== Exercise ==
Search for the word "message" in the entries. Each line that holds it should be copied.

== Given information ==

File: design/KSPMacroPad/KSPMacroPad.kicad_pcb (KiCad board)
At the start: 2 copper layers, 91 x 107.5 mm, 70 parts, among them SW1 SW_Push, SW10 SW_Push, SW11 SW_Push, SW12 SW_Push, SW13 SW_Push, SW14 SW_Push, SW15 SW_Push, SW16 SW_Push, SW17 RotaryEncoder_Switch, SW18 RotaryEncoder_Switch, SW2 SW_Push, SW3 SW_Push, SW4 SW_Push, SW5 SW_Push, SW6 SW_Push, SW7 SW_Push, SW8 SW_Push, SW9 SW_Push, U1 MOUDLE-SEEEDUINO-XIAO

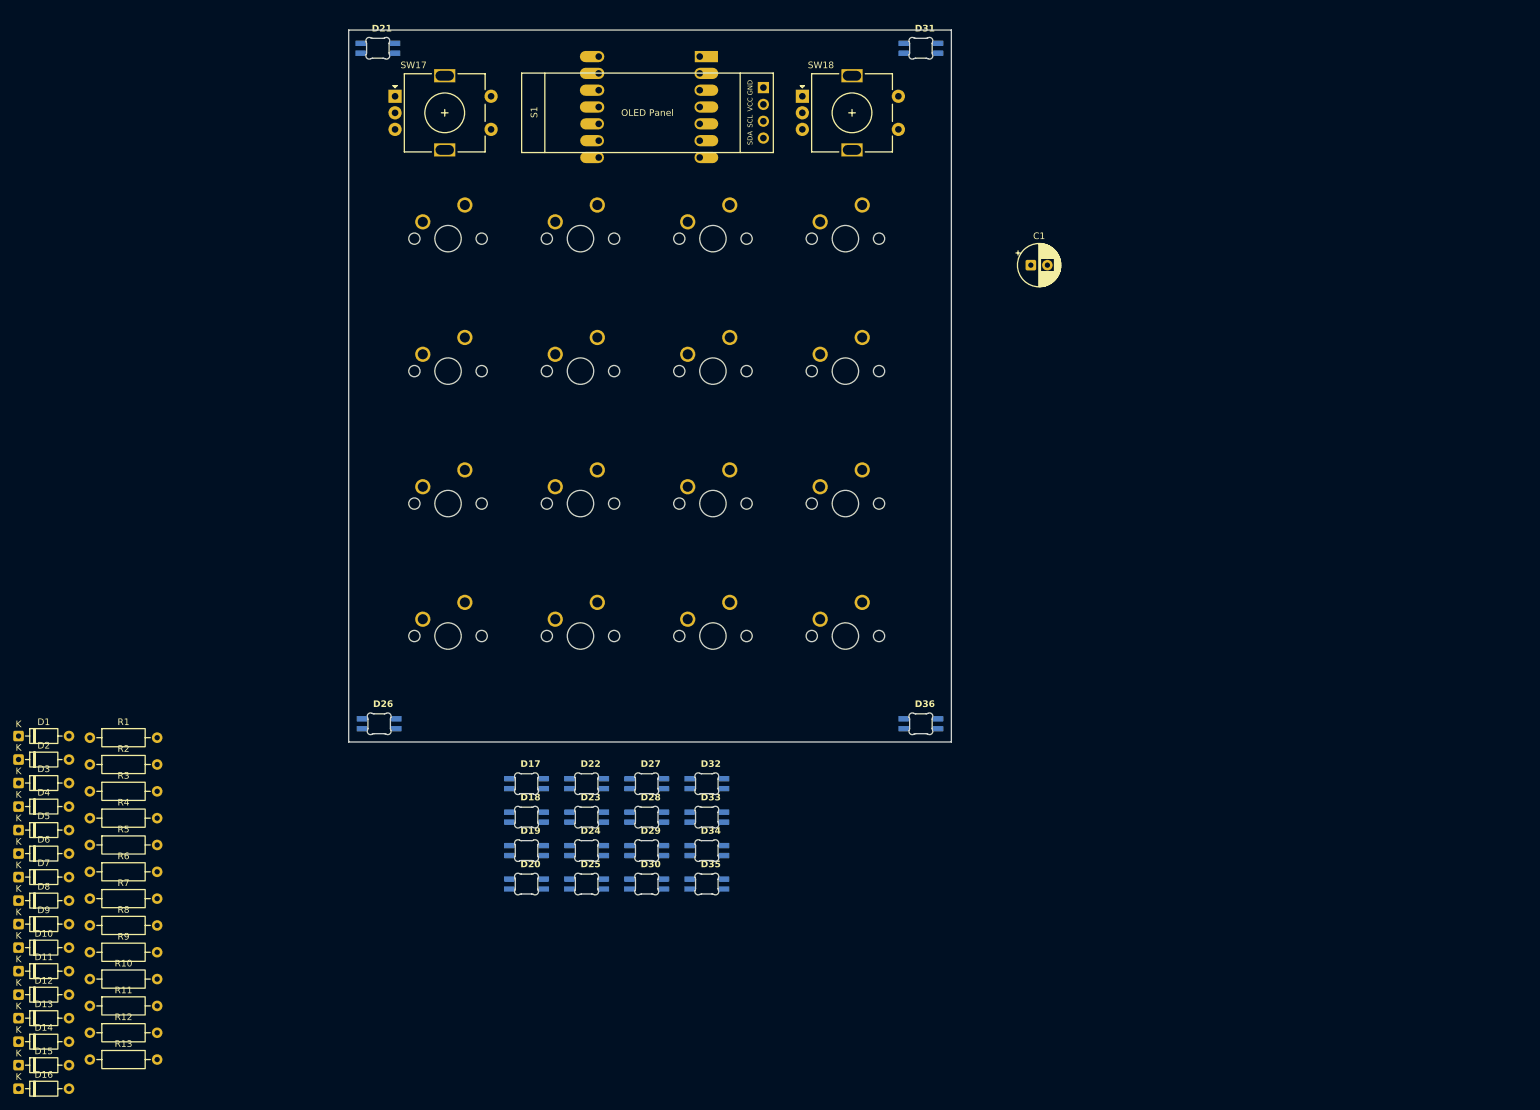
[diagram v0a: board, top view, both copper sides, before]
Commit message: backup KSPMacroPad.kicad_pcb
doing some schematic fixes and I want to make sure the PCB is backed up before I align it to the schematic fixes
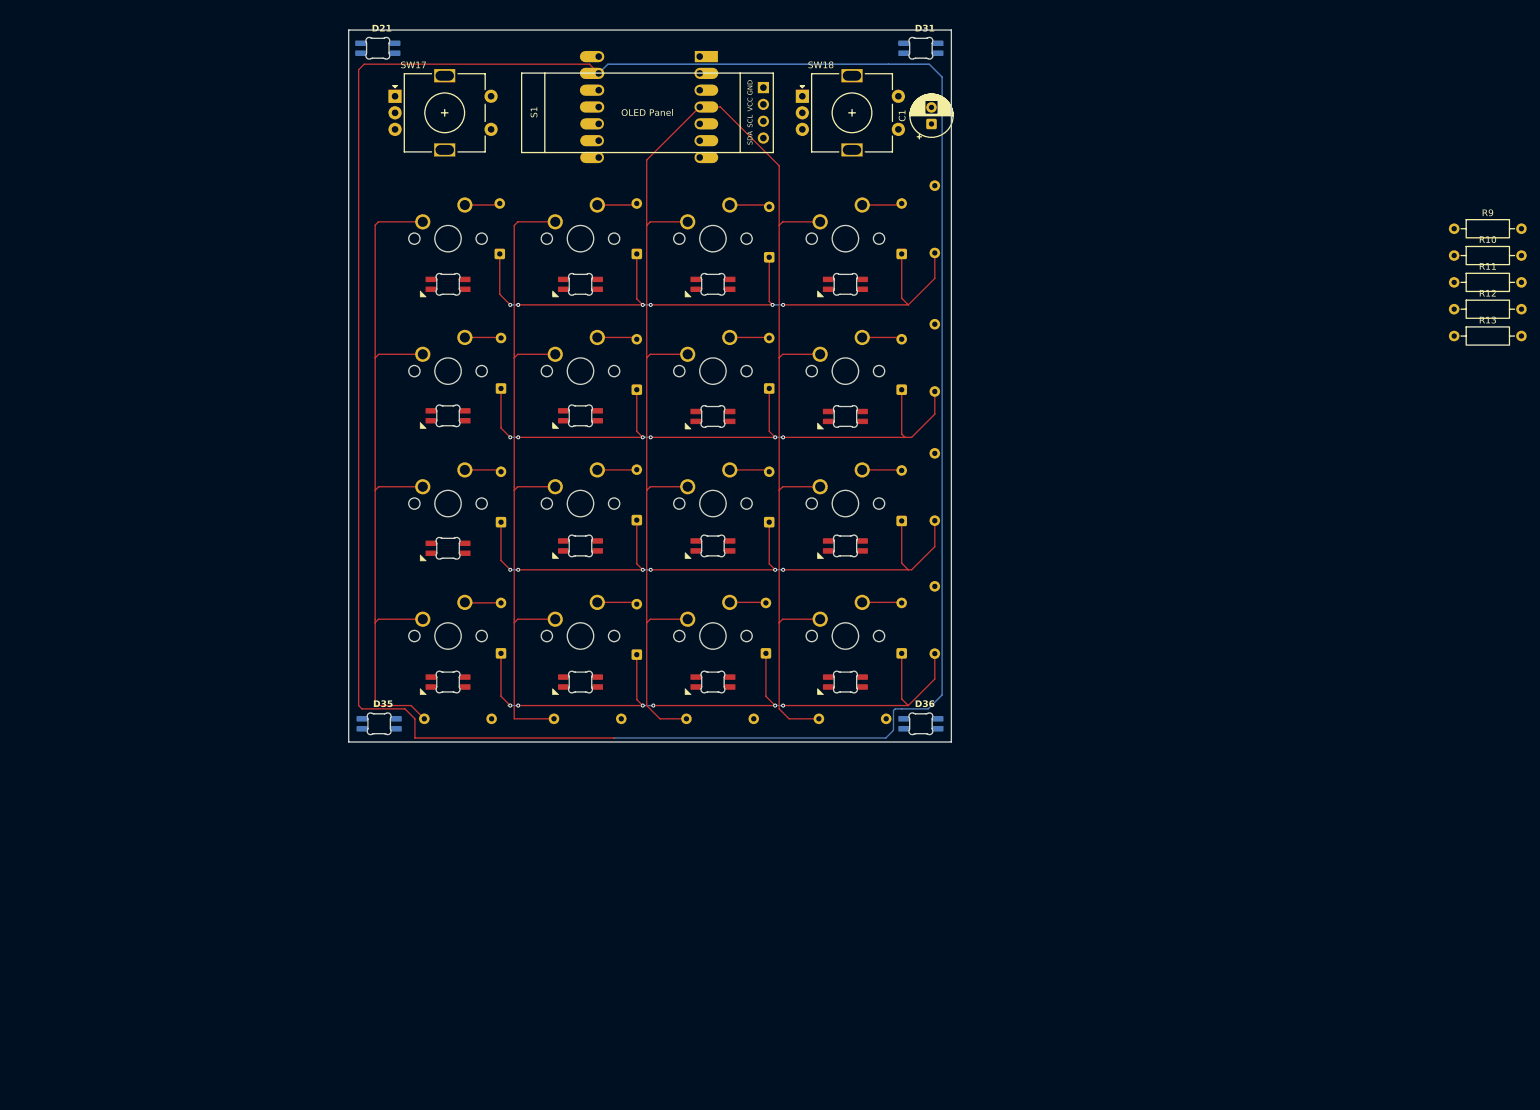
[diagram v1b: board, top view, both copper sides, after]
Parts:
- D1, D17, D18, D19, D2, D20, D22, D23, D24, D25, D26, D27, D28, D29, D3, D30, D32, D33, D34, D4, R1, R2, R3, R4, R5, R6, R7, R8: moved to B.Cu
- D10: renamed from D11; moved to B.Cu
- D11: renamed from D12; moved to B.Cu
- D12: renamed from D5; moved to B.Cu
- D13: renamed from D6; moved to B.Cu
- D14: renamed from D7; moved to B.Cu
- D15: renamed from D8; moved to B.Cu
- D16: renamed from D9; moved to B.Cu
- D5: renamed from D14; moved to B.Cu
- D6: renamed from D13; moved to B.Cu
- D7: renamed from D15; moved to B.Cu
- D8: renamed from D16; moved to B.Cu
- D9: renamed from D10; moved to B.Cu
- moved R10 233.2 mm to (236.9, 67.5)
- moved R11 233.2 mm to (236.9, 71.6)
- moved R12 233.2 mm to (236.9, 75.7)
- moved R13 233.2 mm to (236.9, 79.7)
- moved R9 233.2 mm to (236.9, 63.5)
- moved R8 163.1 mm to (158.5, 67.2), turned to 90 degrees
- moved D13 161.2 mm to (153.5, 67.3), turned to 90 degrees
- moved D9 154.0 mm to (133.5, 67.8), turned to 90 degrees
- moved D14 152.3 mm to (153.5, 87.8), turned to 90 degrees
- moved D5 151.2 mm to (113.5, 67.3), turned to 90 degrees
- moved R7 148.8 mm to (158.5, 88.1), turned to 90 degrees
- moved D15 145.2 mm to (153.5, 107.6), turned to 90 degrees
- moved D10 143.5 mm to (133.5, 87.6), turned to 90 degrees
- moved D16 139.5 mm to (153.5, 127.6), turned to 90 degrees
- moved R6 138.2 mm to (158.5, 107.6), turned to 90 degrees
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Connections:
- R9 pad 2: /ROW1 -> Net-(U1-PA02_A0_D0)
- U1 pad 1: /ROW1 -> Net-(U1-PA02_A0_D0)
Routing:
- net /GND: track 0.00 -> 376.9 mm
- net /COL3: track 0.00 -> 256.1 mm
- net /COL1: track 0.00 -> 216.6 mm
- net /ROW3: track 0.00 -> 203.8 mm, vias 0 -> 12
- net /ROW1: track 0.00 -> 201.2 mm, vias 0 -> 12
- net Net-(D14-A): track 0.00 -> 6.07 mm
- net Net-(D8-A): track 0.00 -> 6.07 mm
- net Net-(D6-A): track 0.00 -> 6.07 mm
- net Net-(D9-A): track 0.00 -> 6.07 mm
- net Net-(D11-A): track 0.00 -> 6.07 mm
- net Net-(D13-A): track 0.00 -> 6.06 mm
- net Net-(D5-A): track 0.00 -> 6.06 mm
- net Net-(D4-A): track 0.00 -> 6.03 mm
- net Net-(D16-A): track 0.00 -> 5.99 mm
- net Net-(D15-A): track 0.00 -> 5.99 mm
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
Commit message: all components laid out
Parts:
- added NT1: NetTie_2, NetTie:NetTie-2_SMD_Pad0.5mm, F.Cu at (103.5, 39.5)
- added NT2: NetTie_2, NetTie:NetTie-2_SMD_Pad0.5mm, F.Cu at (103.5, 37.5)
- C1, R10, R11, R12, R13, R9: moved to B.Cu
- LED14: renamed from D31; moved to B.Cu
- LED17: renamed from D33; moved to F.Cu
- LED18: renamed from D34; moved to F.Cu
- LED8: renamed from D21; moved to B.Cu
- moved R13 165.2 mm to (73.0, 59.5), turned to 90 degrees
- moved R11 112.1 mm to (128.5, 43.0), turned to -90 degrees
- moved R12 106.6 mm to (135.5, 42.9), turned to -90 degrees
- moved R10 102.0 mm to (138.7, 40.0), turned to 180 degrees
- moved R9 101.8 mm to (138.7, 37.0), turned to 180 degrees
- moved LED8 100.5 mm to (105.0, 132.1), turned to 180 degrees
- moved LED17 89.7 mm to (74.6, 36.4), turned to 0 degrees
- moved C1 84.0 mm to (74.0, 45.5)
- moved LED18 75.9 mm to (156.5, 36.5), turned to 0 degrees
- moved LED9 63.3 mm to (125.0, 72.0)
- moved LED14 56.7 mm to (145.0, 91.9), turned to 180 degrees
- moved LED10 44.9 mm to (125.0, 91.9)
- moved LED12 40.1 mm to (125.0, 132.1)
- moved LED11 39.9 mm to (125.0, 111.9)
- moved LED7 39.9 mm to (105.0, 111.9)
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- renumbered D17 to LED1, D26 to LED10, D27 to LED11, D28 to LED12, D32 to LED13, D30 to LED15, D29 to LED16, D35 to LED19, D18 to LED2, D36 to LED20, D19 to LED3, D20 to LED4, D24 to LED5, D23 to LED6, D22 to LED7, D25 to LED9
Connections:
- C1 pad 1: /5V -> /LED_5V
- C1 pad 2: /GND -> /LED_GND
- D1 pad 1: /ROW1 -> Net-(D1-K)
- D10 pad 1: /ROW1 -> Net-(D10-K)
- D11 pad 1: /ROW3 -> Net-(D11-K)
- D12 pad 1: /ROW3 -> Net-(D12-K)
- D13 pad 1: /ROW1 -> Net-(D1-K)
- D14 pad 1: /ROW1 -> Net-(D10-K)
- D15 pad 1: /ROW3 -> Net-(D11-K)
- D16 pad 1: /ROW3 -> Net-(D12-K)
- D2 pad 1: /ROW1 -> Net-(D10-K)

== Output ==
Commit message: backup KSPMacroPad.kicad_pcb
Commit message: all components laid out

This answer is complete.